> What is required:
Reproduce verbatim only the lines from the one containing "#170=CIRCLE('',#169,15.2652047278619);" through the last line below, both included.

Stored dataset items:
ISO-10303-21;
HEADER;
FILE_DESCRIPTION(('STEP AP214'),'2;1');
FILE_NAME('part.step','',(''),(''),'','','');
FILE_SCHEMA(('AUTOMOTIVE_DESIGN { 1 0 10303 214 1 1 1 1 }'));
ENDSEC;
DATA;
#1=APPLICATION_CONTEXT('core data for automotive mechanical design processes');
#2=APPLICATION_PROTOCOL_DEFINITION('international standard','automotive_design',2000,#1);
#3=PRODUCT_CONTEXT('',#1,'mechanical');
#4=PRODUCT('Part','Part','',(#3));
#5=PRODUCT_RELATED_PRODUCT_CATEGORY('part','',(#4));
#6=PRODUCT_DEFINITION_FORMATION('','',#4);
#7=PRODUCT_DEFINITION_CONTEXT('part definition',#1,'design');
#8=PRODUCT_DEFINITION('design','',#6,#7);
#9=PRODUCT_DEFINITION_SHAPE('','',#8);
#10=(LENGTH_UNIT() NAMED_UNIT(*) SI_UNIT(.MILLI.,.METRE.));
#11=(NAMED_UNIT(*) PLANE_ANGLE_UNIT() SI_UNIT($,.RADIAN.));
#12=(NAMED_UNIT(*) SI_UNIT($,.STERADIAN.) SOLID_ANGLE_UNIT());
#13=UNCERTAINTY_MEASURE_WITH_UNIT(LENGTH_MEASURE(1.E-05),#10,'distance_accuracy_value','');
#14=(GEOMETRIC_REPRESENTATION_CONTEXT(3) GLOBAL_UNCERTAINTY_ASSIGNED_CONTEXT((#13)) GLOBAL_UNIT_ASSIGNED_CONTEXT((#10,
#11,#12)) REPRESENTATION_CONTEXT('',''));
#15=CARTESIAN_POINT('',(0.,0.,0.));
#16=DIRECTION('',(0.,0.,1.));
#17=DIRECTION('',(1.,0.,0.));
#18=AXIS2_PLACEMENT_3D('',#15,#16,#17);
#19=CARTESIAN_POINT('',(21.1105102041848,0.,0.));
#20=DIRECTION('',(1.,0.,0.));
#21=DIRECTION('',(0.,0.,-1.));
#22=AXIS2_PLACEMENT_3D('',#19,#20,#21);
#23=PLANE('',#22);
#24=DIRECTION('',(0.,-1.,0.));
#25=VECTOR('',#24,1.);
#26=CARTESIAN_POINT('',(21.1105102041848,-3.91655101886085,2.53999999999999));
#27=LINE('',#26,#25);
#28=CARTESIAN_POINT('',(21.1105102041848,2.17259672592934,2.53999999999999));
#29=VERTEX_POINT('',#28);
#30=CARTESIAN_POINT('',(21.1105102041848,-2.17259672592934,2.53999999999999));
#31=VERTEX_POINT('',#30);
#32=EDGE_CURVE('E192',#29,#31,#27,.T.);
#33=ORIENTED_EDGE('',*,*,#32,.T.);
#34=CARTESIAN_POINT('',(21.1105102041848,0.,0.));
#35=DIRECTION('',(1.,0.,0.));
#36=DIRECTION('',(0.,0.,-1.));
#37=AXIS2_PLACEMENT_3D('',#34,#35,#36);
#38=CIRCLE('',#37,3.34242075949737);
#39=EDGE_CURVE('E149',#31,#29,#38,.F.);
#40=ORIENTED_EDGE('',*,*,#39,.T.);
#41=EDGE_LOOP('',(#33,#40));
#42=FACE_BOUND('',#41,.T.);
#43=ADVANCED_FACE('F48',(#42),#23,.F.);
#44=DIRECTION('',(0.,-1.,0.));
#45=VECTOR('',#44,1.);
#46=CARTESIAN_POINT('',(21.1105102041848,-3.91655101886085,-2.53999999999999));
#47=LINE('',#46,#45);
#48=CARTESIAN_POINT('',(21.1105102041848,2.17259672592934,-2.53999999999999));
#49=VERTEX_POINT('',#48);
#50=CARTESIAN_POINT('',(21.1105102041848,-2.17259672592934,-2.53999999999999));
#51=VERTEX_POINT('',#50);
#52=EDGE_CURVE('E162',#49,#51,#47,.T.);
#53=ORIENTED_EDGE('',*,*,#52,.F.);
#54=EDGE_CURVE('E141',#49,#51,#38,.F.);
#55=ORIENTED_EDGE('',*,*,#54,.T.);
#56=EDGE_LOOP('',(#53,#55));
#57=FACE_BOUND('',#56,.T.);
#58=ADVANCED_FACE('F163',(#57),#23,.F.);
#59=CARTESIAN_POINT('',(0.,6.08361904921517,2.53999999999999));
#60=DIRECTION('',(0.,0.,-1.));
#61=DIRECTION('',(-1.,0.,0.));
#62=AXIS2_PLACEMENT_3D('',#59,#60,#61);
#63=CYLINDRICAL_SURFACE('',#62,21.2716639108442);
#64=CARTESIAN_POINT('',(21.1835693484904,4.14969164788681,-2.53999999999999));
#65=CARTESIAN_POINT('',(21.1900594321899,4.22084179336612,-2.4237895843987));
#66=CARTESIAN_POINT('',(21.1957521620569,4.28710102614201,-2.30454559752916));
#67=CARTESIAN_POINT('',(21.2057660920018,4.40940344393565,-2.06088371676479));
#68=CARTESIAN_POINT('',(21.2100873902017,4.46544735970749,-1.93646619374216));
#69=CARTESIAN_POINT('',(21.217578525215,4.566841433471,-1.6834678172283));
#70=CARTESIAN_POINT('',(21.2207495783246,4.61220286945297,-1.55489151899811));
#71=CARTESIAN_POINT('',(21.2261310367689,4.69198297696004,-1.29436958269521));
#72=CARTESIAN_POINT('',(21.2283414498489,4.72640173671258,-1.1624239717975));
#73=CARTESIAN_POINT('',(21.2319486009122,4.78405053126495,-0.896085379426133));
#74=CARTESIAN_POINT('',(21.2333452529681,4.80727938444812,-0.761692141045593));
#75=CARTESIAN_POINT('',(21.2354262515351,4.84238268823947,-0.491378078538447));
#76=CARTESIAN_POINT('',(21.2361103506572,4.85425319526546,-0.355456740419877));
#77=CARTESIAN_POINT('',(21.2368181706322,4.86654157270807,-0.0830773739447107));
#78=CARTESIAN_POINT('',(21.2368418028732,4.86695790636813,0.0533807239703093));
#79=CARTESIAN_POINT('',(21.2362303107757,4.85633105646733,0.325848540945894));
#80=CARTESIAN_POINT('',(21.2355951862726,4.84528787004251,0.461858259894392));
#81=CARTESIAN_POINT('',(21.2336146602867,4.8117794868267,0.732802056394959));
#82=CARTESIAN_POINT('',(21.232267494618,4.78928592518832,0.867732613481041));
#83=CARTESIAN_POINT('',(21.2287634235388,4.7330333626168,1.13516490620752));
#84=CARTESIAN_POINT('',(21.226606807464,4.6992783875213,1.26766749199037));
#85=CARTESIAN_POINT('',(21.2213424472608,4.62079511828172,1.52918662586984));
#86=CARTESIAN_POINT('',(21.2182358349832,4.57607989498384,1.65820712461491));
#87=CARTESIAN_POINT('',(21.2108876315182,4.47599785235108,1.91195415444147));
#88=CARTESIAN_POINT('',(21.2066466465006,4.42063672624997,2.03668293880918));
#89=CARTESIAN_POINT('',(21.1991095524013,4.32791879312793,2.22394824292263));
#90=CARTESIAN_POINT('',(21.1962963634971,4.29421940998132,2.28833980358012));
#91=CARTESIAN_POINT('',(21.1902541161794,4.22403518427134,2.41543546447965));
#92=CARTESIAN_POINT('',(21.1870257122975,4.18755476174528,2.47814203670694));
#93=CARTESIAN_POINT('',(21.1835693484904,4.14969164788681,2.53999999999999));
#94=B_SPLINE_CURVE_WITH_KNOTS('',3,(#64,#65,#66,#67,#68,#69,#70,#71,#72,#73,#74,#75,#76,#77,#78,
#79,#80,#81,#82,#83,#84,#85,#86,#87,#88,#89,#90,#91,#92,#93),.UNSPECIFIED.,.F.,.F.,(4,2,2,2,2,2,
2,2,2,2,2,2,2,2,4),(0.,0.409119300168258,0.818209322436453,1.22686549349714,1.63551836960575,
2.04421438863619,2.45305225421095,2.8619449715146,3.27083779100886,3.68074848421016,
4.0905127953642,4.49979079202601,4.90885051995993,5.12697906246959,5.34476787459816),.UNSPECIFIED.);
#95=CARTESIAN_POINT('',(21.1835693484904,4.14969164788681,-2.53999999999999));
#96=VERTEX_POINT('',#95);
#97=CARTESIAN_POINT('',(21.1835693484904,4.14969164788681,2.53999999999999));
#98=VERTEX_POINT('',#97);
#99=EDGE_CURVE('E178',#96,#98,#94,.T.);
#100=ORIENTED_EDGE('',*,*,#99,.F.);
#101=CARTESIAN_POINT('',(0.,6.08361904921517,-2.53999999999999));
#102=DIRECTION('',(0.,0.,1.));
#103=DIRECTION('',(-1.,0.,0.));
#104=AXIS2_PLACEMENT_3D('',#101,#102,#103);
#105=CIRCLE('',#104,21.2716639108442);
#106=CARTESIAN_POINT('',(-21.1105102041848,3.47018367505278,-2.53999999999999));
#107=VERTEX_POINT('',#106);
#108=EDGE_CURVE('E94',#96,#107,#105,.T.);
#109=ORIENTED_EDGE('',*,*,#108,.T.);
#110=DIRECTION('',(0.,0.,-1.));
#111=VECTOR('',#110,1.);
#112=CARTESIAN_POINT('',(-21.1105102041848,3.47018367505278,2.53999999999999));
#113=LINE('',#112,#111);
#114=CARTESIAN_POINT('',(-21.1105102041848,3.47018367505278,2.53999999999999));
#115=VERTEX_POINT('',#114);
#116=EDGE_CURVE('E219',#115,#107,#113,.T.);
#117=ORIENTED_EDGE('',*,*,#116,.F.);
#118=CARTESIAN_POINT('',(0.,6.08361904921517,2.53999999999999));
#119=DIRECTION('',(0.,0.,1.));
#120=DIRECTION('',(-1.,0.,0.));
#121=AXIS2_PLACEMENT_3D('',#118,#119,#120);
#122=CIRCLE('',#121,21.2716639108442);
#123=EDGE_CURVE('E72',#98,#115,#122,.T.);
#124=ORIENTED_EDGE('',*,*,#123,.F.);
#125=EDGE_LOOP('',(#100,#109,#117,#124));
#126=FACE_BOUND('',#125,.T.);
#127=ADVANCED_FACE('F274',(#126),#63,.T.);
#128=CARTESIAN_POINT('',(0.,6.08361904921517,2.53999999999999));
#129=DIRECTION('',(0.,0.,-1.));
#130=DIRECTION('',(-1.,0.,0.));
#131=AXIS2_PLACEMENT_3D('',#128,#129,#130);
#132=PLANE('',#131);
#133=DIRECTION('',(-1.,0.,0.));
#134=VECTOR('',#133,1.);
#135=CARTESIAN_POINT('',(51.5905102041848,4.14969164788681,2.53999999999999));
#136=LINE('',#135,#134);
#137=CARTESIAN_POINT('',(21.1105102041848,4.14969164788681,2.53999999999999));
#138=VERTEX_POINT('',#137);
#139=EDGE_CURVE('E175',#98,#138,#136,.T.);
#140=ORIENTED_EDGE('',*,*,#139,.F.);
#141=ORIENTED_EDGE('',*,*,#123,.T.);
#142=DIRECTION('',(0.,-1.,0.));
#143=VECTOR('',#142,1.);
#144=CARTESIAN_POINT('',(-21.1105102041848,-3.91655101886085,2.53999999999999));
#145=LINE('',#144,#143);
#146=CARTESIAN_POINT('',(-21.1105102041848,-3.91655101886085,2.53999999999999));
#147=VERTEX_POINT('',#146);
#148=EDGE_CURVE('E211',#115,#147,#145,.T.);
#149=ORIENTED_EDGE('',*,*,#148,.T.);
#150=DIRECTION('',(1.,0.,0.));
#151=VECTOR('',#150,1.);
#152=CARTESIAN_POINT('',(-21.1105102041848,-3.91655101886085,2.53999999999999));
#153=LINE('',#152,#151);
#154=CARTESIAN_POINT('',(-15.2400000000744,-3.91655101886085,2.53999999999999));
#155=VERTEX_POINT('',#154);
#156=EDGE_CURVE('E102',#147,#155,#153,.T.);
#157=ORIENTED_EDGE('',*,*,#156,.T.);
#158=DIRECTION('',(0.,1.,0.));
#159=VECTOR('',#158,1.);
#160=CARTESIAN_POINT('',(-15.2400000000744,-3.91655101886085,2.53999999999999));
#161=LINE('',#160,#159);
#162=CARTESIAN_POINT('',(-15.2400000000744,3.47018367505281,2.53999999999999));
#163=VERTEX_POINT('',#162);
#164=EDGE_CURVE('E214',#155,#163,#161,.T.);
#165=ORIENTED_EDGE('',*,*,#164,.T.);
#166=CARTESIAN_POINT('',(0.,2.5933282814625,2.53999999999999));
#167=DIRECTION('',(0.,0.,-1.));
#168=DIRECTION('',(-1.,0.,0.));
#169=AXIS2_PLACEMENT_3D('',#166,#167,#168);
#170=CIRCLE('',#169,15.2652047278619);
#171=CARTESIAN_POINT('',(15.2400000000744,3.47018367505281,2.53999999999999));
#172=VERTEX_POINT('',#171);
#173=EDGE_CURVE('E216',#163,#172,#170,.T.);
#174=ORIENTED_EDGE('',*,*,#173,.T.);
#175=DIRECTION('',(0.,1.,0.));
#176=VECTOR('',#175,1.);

> Task response:
#170=CIRCLE('',#169,15.2652047278619);
#171=CARTESIAN_POINT('',(15.2400000000744,3.47018367505281,2.53999999999999));
#172=VERTEX_POINT('',#171);
#173=EDGE_CURVE('E216',#163,#172,#170,.T.);
#174=ORIENTED_EDGE('',*,*,#173,.T.);
#175=DIRECTION('',(0.,1.,0.));
#176=VECTOR('',#175,1.);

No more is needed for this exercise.